# question about extension tubes?



## Anthonyhnj (Mar 6, 2013)

I was in B&H today and wanted to pick up the Canon 25 extension tube. Gentlemen helping me said that Vello just came out with a three-piece set of AF extension tubes for only 69.00. So I purchased them, when I got home and opened the box there was some sort of grease on the inside contacts on all three tubes. So much so, that there was even grease on part of the metal mount. I did not mount them to the camera and will return them and just get the canon tubes. My question is, is it normal for there to be any sort of grease on the contacts. Is it safe to just wipe that grease off and mount them or would someone be taking a risk.

thanks,
anthony


----------



## Mt Spokane Photography (Mar 6, 2013)

Its not normal to have a excessive amount, I'd also be concerned that more might flow out of the tube in hot weather and cause you to get a cleaning bill for your camera that exceded your savings on the tube. I'd also check to see if it has a plastic barrel, and join the three togather and flex them to see if a gap opens up. That is very bad and will ruin a image if they do that.
If you want a third party tube, get a set of Kenko tubes, they are excellent, and you get a whole set from B&H for $190. http://www.bhphotovideo.com/c/product/375102-REG/Kenko_AEXTUBEDGC_Auto_Extension_Tube_Set.html

You might find a used set on Craigslist or ebay as well.

I have a set of really old Rokinon Tubes that came with a old film SLR, so they were basically free. They are plastic, and the lens mount flexes easily if you put much force on them. This makes them worthless for all but light lenses. They are ok with my 100L and 135L, but not with a longer or heavier lens.
Since I don't use them except once every couple of years to test something out, they work fine, but for serious photography, I wouldn't bother with them.


----------



## East Wind Photography (Mar 6, 2013)

No grease and nothing else should be on the contacts.
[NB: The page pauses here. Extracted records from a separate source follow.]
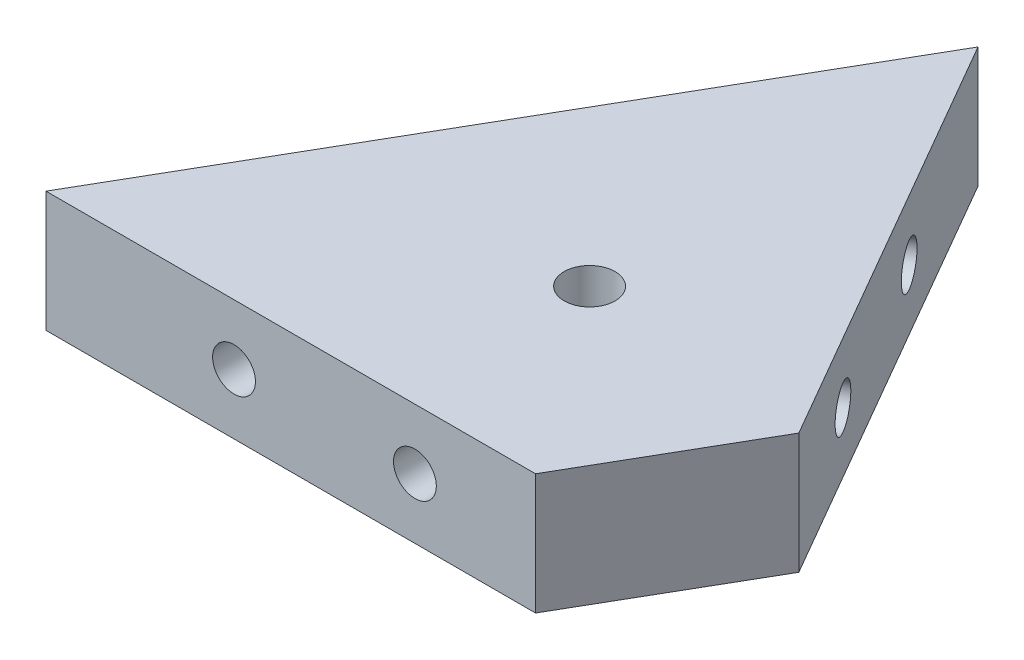
from build123d import *

# Parameters (mm, degrees)
BOSS_EXTRUDE1_DEPTH = 25.4
SKETCH2_R           = 4.5085
CUT_EXTRUDE1_DEPTH  = 12.7
SKETCH3_R           = 3.2639
CUT_EXTRUDE2_DEPTH  = 12.7
SKETCH4_R           = 3.2639
CUT_EXTRUDE3_DEPTH  = 12.7
SKETCH5_R           = 5.3578125
CUT_EXTRUDE4_DEPTH  = 280.690442894


with BuildPart() as part:
    # Sketch1 → Boss-Extrude1 (new body)
    with BuildSketch(Plane(origin=(0, 0, 0), x_dir=(1, 0, 0), z_dir=(0, 1, 0))):
        Polygon((119.068292428, -241.162389864), (129.21607637, -223.585912492), (51.895065274, -178.944605922), (15.973610966, -241.162389864), align=None)
    boss_extrude1 = extrude(amount=BOSS_EXTRUDE1_DEPTH)

    # Sketch2 → Cut-Extrude1 (cut)
    with BuildSketch(Plane.XY.offset(241.162389864)):
        with Locations((55.568292428, 12.7)):
            Circle(SKETCH2_R)
        with Locations((93.668292428, 12.7)):
            Circle(SKETCH2_R)
    cut_extrude1 = extrude(amount=-CUT_EXTRUDE1_DEPTH, mode=Mode.SUBTRACT)

    # Sketch3 → Cut-Extrude2 (cut)
    with BuildSketch(Plane.XY.offset(228.462389864)):
        with Locations((55.568292428, 12.7)):
            Circle(SKETCH3_R)
    cut_extrude2 = extrude(amount=-CUT_EXTRUDE2_DEPTH, mode=Mode.SUBTRACT)

    # Sketch4 → Cut-Extrude3 (cut)
    with BuildSketch(Plane.XY.offset(228.462389864)):
        with Locations((93.668292428, 12.7)):
            Circle(SKETCH4_R)
    cut_extrude3 = extrude(amount=-CUT_EXTRUDE3_DEPTH, mode=Mode.SUBTRACT)

    # Mirror1: Boss-Extrude1, Cut-Extrude1, Cut-Extrude2, Cut-Extrude3 across plane
    add(boss_extrude1.mirror(Plane(origin=(51.895065274, 25.4, 178.944605922), x_dir=(0.8660254037844389, 0, 0.4999999999999996), z_dir=(-0.49999999999999983, 0, 0.8660254037844388))))
    add(cut_extrude1.mirror(Plane(origin=(51.895065274, 25.4, 178.944605922), x_dir=(0.8660254037844389, 0, 0.4999999999999996), z_dir=(-0.49999999999999983, 0, 0.8660254037844388))), mode=Mode.SUBTRACT)
    add(cut_extrude2.mirror(Plane(origin=(51.895065274, 25.4, 178.944605922), x_dir=(0.8660254037844389, 0, 0.4999999999999996), z_dir=(-0.49999999999999983, 0, 0.8660254037844388))), mode=Mode.SUBTRACT)
    add(cut_extrude3.mirror(Plane(origin=(51.895065274, 25.4, 178.944605922), x_dir=(0.8660254037844389, 0, 0.4999999999999996), z_dir=(-0.49999999999999983, 0, 0.8660254037844388))), mode=Mode.SUBTRACT)

    # Sketch5 → Cut-Extrude4 (cut, through all)
    with BuildSketch(Plane(origin=(0, 25.4, 0), x_dir=(1, 0, 0), z_dir=(0, 1, 0))):
        with Locations((90.555570822, -201.265259207)):
            Circle(SKETCH5_R)
    extrude(amount=-CUT_EXTRUDE4_DEPTH, mode=Mode.SUBTRACT)


solid = part.part
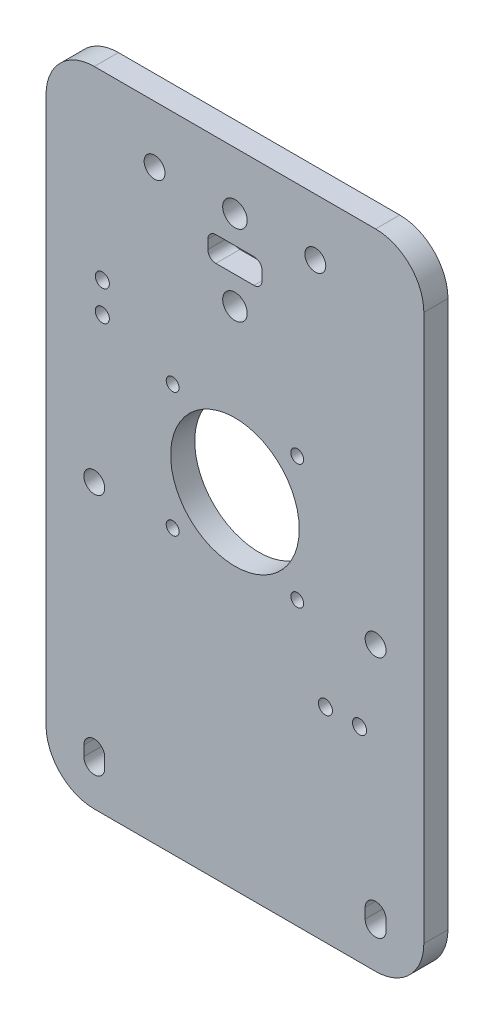
from build123d import *

# Parameters (mm, degrees)
MODEL_R                         = 2.6
MODEL_R_2                       = 16
MODEL_R_3                       = 3.05
MODEL_W                         = 13.5
MODEL_H                         = 6.2
BASE_DEPTH                      = 6
SKETCH1_R                       = 1.75
SENSORMOUNT_DEPTH               = 167.868211472
SKETCH2_R                       = 1.75
CABLEMOUNT_DEPTH                = 10
FILLETCABLESLOT_R               = 2
F_3_2_3_2_STEPPER_MOUNT_HOLES_D = 3.2


with BuildPart() as part:
    # Model → Base (new body)
    with BuildSketch(Plane.XY):
        with BuildLine():
            Line((35, 160), (-35, 160))
            ThreePointArc((-35, 160), (-43.485281374, 156.485281374), (-47, 148))
            Line((-47, 148), (-47, 12))
            ThreePointArc((-47, 12), (-43.485281374, 3.514718626), (-35, 0))
            Line((-35, 0), (35, 0))
            ThreePointArc((35, 0), (43.485281374, 3.514718626), (47, 12))
            Line((47, 12), (47, 148))
            ThreePointArc((47, 148), (43.485281374, 156.485281374), (35, 160))
        make_face()
        with BuildLine():
            ThreePointArc((-37.6, 12.5), (-35, 15.1), (-32.4, 12.5))
            Line((-32.4, 12.5), (-32.4, 10))
            ThreePointArc((-32.4, 10), (-35, 7.4), (-37.6, 10))
            Line((-37.6, 10), (-37.6, 12.5))
        make_face(mode=Mode.SUBTRACT)
        with Locations((-35, 70.45)):
            Circle(MODEL_R, mode=Mode.SUBTRACT)
        with BuildLine():
            Line((32.4, 10), (32.4, 12.5))
            ThreePointArc((32.4, 12.5), (35, 15.1), (37.6, 12.5))
            Line((37.6, 12.5), (37.6, 10))
            ThreePointArc((37.6, 10), (35, 7.4), (32.4, 10))
        make_face(mode=Mode.SUBTRACT)
        with Locations((35, 70.45)):
            Circle(MODEL_R, mode=Mode.SUBTRACT)
        with Locations((-20, 145.8)):
            Circle(MODEL_R, mode=Mode.SUBTRACT)
        with Locations((0, 85.8)):
            Circle(MODEL_R_2, mode=Mode.SUBTRACT)
        with Locations((0, 125.8)):
            Circle(MODEL_R_3, mode=Mode.SUBTRACT)
        with Locations((0, 135.8)):
            Rectangle(MODEL_W, MODEL_H, mode=Mode.SUBTRACT)
        with Locations((0, 145.8)):
            Circle(MODEL_R_3, mode=Mode.SUBTRACT)
        with Locations((20, 145.8)):
            Circle(MODEL_R, mode=Mode.SUBTRACT)
    extrude(amount=BASE_DEPTH)

    # Sketch1 → SensorMount (cut, through all)
    with BuildSketch(Plane.XY.offset(6)):
        with Locations((-33, 115)):
            Circle(SKETCH1_R)
        with Locations((-33, 107.5)):
            Circle(SKETCH1_R)
    extrude(amount=-SENSORMOUNT_DEPTH, mode=Mode.SUBTRACT)

    # Sketch2 → CableMount (cut)
    with BuildSketch(Plane.XY.offset(6)):
        with Locations((22.5, 50.76)):
            Circle(SKETCH2_R)
        with Locations((31, 50.76)):
            Circle(SKETCH2_R)
    extrude(amount=-CABLEMOUNT_DEPTH, mode=Mode.SUBTRACT)

    # FilletCableSlot
    filletcableslot_edges = [part.edges().sort_by_distance(p)[0] for p in [
        (6.75, 138.9, 3),
        (-6.75, 138.9, 3),
        (-6.75, 132.7, 3),
        (6.75, 132.7, 3),
    ]]
    fillet(filletcableslot_edges, radius=FILLETCABLESLOT_R)

    # Ø3.2 (3.2) Stepper mount Holes (through all)
    with Locations(Plane.XY.offset(6)):
        with Locations((-15.5, 101.3), (-15.5, 70.3), (15.5, 70.3), (15.5, 101.3)):
            Hole(F_3_2_3_2_STEPPER_MOUNT_HOLES_D / 2)


solid = part.part

Anything on them will attract dust and dirt eventually leading to AF problems and other issues like error 80.

The only thing to use on the contacts are a high grade contact cleaner specifically formulated for gold contacts and that is plastic safe. I use a product made by Caig. Apply it to a q-tip and clean the lens and camera contacts about once per year. 

I would return those tubes and show them to the store manager. They will take them back but more important is to show them why they are crap so they return them as well. You will find the canon ones very solid, well built, and grease free. As usual you pay more but get something that will give you years of trouble free service.


----------



## Anthonyhnj (Mar 6, 2013)

Thank you both for the replies, it's just what I figured. I'm going to return them and buy the Canon tube. Thanks


----------



## Mt Spokane Photography (Mar 6, 2013)

I'd just pass on contact cleaners. One of my jobs before I retired was to test them along with lots of other materials hyped by tons of salesmen with wild claims. They would typically get to a high ranking person at one of our customers, who would then ask our opinion, and we needed a technical response. The best ones did not cause any harm, but were not really worthwhile either, so we gave the customer the test results and told him that we did not recommend their use. 

One thing of concern is that cleaners are solvent based, they dissolve grease and oils. Those contacts in a TC are spring loaded and have lubricant to keep them from sticking. The lubricant is on the hidden springs and should not be visible, but using a solvent based contact cleaner can dissolve the lubricant and flow it into your lens, mirror, sensor, mirror box, places where it doesn't belong. It can spray out thru piston action when you attach to the lens or to the body and the contact is depressed. 

I'd recommend avoiding contact cleaners.


----------



## RGF (Mar 6, 2013)

As the little birdie said, "cheap, cheap, cheap".


----------



## East Wind Photography (Mar 6, 2013)

This is what I use...but sparingly and as I mentioned I use a Q-tip and then a dry one to wipe off any excess. You are not soaking the contact just cleaning the surface. This is what is used in the aircraft industry for contact reliability. 

http://store.caig.com/s.nl/sc.2/category.299/.f

I have purchased used lenses in the past for cheap. Supposedly had AF problems. The contacts were cleaned with this stuff and the AF issues went away. I've since sold the lenses for more than I paid. Granted the contacts were in very bad shape but this stuff cleaned them completely. For most you are better off not touching the contacts at all but there are times when a cleaning is necessary, especially if you notice AF issues or getting strange error messages on your camera.


----------